◆ GOAL OF THE EXERCISE ◆
For the listing below, return the line containing "# Sketch3 → Boss-Extrude3 (add)", the line containing "extrude(amount=BOSS_EXTRUDE6_DEPTH)", and all lines in between, exactly as written and nothing else.

────

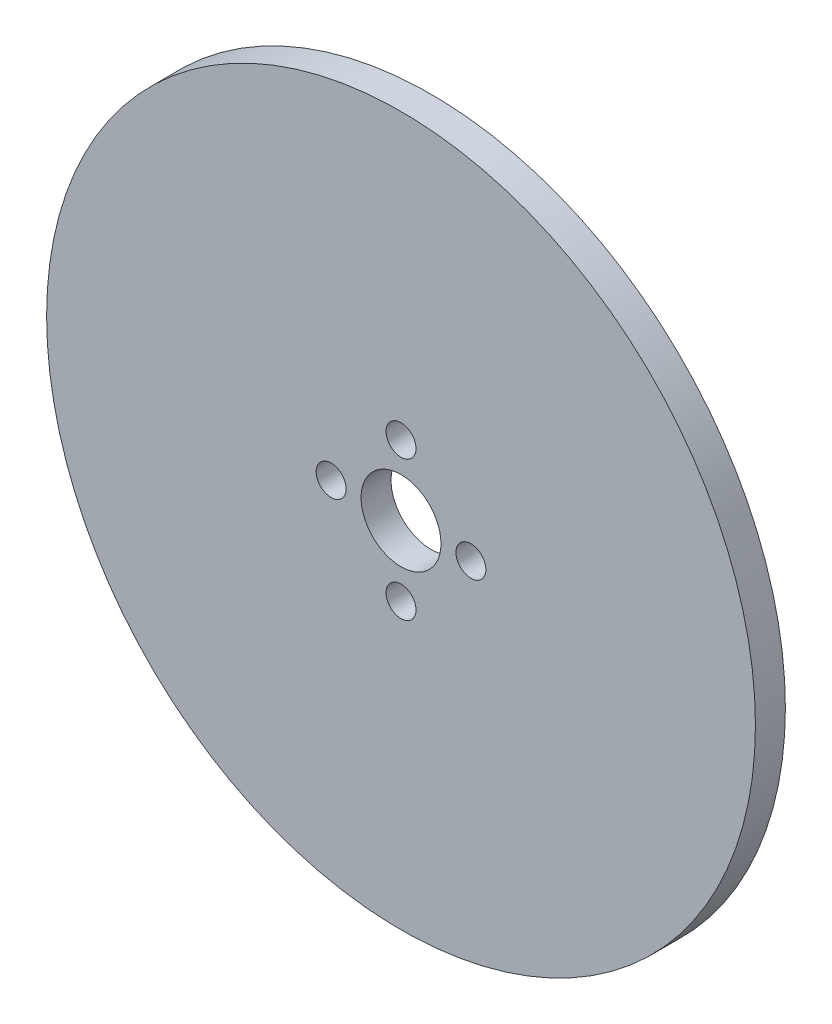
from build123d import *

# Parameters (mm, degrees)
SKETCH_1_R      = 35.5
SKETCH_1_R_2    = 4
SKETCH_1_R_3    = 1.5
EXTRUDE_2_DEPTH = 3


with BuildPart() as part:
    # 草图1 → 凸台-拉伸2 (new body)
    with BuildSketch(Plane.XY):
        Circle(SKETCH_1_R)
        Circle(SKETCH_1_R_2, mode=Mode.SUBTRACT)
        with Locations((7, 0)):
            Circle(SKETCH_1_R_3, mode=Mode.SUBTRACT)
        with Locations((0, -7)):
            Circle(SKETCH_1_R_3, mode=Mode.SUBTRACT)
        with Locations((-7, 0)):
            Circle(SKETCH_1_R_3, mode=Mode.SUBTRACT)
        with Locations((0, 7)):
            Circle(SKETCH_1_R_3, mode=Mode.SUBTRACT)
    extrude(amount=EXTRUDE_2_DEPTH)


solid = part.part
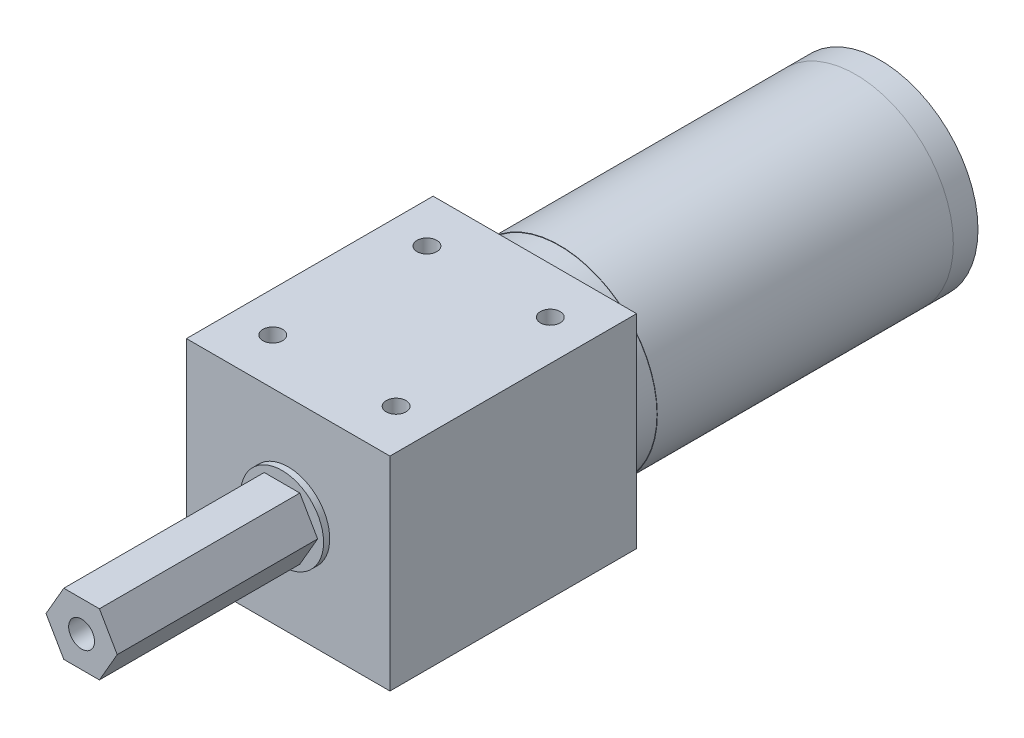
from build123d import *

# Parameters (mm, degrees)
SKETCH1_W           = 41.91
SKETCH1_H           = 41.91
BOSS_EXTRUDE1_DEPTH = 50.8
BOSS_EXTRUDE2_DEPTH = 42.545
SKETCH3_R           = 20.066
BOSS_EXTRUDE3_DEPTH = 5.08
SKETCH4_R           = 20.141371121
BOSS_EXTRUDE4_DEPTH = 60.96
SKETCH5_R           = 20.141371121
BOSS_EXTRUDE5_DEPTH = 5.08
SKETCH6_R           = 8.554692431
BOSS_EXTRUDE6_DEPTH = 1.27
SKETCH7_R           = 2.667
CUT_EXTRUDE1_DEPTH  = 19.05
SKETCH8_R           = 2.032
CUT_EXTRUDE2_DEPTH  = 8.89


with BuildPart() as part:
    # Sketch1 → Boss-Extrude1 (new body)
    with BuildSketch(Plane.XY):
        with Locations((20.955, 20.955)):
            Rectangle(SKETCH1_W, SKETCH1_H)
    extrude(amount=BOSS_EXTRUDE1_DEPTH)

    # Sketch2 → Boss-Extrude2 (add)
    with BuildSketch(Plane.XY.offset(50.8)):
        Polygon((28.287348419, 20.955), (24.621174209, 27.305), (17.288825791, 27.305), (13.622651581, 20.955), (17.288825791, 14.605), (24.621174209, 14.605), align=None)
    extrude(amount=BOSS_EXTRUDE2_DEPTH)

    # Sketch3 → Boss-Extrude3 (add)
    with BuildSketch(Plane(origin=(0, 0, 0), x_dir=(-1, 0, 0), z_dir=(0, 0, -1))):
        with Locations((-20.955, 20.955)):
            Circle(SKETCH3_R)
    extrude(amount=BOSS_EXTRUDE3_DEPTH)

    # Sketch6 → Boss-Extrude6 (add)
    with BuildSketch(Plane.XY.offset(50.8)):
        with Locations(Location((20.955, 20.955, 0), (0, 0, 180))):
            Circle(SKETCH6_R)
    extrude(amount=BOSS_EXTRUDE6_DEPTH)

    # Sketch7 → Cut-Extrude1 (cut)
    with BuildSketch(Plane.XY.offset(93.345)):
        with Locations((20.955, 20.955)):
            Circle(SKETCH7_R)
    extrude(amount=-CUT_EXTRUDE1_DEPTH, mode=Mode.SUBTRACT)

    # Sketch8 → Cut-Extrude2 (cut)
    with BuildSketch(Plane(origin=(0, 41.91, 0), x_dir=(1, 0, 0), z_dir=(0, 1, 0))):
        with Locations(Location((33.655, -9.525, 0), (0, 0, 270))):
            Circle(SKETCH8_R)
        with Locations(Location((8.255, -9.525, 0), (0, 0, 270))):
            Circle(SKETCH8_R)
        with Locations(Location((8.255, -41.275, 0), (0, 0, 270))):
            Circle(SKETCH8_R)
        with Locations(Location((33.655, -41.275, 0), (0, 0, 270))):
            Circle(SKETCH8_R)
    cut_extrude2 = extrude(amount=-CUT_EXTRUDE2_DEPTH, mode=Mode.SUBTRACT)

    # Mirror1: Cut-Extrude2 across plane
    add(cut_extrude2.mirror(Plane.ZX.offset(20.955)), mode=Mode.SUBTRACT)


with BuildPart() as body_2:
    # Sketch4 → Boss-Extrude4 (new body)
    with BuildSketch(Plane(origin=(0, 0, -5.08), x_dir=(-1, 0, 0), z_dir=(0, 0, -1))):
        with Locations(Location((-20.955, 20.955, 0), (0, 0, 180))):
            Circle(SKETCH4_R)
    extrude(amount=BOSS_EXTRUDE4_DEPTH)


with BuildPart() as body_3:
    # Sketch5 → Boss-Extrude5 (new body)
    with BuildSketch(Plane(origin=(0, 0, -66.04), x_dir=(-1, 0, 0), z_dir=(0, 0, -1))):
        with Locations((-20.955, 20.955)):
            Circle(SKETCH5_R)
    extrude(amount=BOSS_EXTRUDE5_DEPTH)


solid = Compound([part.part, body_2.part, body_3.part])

────

◆ EXERCISE SOLUTION ◆
    # Sketch3 → Boss-Extrude3 (add)
    with BuildSketch(Plane(origin=(0, 0, 0), x_dir=(-1, 0, 0), z_dir=(0, 0, -1))):
        with Locations((-20.955, 20.955)):
            Circle(SKETCH3_R)
    extrude(amount=BOSS_EXTRUDE3_DEPTH)

    # Sketch6 → Boss-Extrude6 (add)
    with BuildSketch(Plane.XY.offset(50.8)):
        with Locations(Location((20.955, 20.955, 0), (0, 0, 180))):
            Circle(SKETCH6_R)
    extrude(amount=BOSS_EXTRUDE6_DEPTH)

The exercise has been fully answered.